◆ Description of the task:
Take the data below and extract the lines from the one with "#187=ORIENTED_EDGE('',*,*,#186,.T.);" to the one with "#199=LINE('',#198,#197);", inclusive, exactly as written.

◆ Items from a dataset:
....

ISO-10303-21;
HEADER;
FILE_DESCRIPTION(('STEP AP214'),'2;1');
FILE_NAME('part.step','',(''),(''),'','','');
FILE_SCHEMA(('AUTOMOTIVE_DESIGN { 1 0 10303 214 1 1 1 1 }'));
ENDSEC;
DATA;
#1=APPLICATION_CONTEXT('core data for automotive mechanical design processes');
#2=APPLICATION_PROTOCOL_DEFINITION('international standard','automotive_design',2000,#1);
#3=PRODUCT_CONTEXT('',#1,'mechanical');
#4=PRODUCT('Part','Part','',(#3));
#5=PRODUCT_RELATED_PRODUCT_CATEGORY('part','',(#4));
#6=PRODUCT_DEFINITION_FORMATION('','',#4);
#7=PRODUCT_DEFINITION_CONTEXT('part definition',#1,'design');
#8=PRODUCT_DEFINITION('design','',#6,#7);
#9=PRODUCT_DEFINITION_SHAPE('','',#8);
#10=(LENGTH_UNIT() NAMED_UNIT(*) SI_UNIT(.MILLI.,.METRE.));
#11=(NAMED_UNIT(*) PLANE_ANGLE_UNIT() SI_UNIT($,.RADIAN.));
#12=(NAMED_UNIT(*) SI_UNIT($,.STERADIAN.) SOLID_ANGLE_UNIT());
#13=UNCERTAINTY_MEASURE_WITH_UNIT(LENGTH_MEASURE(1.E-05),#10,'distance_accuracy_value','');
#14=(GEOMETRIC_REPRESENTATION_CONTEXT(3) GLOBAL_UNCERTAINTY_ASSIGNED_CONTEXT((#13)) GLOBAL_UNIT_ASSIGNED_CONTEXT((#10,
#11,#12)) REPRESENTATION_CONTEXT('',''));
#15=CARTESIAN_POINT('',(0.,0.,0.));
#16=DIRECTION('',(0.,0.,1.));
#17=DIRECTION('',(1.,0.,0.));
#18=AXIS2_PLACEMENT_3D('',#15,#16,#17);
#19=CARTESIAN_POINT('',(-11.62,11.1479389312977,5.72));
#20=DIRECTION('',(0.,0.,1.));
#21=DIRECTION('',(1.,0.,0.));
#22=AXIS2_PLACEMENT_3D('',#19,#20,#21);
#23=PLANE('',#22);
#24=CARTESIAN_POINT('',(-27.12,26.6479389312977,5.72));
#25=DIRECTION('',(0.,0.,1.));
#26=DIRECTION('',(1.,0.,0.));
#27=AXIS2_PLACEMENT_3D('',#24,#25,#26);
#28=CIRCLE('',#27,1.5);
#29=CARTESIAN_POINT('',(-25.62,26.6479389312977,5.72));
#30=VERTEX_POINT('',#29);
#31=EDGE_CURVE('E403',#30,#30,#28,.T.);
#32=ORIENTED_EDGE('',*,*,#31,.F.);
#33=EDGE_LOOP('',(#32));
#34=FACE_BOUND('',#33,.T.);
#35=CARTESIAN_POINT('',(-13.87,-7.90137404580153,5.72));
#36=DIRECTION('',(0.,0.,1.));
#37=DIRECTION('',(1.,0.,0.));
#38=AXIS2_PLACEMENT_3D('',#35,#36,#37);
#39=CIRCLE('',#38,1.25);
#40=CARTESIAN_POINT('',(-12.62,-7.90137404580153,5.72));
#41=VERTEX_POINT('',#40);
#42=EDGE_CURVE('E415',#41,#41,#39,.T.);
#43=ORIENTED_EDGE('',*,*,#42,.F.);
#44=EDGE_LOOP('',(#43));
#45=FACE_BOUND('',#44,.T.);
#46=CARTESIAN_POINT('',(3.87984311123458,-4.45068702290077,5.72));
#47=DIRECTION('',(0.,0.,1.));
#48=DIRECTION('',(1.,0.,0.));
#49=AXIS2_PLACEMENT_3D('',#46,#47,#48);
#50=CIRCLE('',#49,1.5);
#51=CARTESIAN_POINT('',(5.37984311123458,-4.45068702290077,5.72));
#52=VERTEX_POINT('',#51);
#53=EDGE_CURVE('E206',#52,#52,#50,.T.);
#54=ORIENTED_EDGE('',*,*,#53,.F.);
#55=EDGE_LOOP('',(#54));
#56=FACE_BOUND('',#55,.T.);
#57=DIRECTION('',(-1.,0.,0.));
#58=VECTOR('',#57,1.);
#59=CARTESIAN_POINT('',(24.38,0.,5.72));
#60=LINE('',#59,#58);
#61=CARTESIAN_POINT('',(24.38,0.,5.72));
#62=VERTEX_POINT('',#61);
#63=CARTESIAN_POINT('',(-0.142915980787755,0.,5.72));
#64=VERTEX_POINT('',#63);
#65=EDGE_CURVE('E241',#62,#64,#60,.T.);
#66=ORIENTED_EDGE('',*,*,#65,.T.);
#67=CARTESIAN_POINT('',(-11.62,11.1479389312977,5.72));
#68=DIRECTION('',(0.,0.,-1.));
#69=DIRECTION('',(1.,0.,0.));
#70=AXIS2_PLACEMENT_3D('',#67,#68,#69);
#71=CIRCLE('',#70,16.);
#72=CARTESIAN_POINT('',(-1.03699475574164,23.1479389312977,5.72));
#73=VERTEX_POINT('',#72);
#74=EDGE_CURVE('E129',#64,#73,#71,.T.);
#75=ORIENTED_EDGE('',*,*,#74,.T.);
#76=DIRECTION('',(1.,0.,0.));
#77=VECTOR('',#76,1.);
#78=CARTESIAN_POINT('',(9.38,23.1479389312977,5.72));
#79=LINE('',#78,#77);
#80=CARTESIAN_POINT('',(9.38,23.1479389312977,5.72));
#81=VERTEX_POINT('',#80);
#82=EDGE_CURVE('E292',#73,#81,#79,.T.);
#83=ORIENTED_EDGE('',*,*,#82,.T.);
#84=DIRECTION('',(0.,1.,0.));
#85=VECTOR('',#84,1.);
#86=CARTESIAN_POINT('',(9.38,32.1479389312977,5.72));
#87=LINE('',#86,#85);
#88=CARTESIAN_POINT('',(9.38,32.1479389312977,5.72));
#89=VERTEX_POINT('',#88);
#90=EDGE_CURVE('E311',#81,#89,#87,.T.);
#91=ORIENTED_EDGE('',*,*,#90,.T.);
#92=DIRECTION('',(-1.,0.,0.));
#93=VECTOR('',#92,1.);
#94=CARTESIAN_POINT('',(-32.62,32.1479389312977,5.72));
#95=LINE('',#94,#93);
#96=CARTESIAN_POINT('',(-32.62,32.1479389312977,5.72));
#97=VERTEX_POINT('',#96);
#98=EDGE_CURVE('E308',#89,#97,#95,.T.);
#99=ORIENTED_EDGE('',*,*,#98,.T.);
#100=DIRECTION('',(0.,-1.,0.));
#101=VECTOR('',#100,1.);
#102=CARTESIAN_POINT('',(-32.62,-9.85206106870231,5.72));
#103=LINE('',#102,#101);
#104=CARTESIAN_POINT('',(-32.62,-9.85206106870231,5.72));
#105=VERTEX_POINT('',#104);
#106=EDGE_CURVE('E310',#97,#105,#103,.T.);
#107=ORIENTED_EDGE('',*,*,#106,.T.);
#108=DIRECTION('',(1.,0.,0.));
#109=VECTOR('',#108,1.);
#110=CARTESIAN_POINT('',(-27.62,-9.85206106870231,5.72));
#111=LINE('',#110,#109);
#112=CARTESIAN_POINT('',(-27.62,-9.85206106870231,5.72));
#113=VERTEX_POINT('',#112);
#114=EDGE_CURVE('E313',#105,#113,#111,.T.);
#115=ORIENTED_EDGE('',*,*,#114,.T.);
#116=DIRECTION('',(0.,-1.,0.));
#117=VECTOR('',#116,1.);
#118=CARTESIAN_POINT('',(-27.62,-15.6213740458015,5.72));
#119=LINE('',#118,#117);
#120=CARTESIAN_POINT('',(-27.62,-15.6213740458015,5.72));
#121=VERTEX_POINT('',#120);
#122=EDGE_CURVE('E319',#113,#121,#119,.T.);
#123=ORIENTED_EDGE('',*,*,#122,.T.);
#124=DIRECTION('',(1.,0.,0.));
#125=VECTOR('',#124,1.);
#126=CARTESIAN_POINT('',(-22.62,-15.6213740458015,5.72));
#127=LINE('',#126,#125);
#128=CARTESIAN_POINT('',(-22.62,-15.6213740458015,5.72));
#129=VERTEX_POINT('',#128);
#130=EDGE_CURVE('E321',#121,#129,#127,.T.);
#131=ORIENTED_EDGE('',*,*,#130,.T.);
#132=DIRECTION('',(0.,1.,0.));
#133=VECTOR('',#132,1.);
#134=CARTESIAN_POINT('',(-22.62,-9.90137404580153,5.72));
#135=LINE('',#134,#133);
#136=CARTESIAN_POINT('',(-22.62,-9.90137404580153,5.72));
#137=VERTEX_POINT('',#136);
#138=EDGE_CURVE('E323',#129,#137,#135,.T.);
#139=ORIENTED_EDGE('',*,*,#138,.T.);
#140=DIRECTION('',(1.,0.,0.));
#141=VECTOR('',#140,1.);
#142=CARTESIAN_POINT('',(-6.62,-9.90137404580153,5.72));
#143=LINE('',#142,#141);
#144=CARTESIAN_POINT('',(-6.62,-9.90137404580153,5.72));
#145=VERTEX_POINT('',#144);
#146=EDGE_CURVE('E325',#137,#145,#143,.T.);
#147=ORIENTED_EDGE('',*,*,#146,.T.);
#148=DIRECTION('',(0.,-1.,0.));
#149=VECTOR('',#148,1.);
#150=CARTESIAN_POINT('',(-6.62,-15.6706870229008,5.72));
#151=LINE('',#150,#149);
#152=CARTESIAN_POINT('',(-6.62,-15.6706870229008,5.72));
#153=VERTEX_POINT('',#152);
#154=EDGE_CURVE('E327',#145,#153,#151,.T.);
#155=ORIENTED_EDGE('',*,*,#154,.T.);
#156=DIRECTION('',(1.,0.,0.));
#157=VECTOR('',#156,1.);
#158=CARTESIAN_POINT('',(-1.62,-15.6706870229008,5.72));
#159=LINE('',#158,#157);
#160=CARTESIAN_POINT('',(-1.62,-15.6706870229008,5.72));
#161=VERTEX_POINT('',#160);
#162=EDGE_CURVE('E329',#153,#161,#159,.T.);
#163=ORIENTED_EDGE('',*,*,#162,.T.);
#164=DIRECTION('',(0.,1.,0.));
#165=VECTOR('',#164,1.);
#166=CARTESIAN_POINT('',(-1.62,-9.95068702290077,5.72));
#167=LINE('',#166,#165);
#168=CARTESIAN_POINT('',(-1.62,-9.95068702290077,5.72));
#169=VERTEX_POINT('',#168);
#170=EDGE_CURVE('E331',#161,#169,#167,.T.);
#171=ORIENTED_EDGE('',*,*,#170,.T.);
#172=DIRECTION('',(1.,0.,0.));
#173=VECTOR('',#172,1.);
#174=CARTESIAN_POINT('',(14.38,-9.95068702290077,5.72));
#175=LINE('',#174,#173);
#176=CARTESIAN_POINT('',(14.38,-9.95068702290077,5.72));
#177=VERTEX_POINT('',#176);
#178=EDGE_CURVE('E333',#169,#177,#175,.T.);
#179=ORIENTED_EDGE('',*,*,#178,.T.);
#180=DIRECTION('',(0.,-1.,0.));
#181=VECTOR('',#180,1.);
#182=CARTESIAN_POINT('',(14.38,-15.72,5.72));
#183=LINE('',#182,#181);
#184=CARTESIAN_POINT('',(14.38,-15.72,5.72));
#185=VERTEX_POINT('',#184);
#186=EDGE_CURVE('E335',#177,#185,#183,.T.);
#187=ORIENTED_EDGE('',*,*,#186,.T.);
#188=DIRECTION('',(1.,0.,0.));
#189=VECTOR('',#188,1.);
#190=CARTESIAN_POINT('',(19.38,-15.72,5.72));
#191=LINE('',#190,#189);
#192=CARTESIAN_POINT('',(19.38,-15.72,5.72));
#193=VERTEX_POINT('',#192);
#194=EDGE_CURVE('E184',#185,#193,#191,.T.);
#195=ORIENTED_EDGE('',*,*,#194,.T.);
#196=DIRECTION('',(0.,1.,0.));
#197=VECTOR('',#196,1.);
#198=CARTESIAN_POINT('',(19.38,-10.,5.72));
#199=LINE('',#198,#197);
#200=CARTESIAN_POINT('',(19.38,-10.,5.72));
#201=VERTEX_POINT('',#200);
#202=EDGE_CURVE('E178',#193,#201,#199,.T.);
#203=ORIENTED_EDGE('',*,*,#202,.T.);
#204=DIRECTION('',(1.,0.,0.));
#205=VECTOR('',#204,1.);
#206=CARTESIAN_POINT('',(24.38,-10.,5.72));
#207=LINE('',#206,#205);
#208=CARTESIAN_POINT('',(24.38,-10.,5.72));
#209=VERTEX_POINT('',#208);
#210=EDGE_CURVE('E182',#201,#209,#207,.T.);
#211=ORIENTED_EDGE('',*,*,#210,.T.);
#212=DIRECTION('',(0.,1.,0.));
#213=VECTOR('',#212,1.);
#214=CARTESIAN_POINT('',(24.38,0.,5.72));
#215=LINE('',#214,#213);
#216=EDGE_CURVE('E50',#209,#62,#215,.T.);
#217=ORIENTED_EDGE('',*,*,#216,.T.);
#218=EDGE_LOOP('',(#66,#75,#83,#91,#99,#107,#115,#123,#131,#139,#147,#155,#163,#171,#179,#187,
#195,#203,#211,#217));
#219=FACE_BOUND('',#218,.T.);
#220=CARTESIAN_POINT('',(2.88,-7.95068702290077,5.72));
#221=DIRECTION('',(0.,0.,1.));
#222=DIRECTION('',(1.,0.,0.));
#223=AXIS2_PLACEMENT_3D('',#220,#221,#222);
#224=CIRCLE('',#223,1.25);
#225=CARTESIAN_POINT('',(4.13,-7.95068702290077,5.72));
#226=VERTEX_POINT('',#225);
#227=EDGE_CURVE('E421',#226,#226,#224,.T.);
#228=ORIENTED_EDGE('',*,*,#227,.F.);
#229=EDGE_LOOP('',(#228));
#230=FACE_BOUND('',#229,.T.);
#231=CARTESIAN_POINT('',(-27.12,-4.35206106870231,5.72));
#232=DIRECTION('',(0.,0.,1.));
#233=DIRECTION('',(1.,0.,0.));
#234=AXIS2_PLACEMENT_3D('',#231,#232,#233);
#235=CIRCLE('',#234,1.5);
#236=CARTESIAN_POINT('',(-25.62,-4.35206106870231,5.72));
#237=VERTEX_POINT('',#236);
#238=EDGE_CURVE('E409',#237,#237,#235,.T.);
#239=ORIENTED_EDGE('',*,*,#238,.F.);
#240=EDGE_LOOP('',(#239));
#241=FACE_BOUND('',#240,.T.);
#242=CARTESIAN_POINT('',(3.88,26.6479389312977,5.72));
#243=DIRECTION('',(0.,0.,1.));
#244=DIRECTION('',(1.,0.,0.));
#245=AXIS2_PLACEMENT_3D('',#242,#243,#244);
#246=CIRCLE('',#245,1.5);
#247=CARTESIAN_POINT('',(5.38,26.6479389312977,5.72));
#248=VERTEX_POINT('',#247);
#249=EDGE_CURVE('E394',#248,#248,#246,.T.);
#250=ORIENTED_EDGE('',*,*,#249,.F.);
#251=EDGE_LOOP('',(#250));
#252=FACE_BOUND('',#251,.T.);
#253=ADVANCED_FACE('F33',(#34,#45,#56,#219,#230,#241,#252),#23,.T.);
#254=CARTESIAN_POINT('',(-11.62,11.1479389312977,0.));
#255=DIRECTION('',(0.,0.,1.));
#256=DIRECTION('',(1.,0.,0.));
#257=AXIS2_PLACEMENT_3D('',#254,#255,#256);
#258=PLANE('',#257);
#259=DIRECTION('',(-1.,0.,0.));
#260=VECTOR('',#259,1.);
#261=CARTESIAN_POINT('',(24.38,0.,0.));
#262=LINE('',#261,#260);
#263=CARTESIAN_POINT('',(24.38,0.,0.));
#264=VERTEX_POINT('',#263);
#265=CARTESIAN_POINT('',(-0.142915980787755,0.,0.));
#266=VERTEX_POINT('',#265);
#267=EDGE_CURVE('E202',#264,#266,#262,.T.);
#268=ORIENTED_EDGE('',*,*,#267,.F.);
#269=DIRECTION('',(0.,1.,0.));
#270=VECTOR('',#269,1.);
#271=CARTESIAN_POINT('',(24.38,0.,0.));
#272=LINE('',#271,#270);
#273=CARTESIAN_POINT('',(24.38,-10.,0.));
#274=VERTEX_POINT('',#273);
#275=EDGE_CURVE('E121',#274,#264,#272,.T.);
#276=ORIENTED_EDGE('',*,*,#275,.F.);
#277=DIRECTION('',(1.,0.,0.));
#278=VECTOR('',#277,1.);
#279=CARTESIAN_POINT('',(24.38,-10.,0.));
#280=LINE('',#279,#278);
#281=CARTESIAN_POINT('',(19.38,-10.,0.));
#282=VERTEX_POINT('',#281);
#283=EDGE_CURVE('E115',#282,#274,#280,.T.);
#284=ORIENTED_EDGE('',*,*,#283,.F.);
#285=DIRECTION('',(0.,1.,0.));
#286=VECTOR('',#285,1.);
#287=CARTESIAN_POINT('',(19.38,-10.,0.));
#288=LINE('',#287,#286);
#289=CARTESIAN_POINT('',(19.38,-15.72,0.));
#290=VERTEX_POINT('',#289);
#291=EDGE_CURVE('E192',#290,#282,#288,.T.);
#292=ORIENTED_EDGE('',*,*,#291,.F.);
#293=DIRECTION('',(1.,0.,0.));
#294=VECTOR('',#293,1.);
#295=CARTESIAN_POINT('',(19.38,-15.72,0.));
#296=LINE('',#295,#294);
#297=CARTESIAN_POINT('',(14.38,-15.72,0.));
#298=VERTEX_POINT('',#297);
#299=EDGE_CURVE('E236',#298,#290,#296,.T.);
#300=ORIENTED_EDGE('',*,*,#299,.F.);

....

◆ Task answer:
#187=ORIENTED_EDGE('',*,*,#186,.T.);
#188=DIRECTION('',(1.,0.,0.));
#189=VECTOR('',#188,1.);
#190=CARTESIAN_POINT('',(19.38,-15.72,5.72));
#191=LINE('',#190,#189);
#192=CARTESIAN_POINT('',(19.38,-15.72,5.72));
#193=VERTEX_POINT('',#192);
#194=EDGE_CURVE('E184',#185,#193,#191,.T.);
#195=ORIENTED_EDGE('',*,*,#194,.T.);
#196=DIRECTION('',(0.,1.,0.));
#197=VECTOR('',#196,1.);
#198=CARTESIAN_POINT('',(19.38,-10.,5.72));
#199=LINE('',#198,#197);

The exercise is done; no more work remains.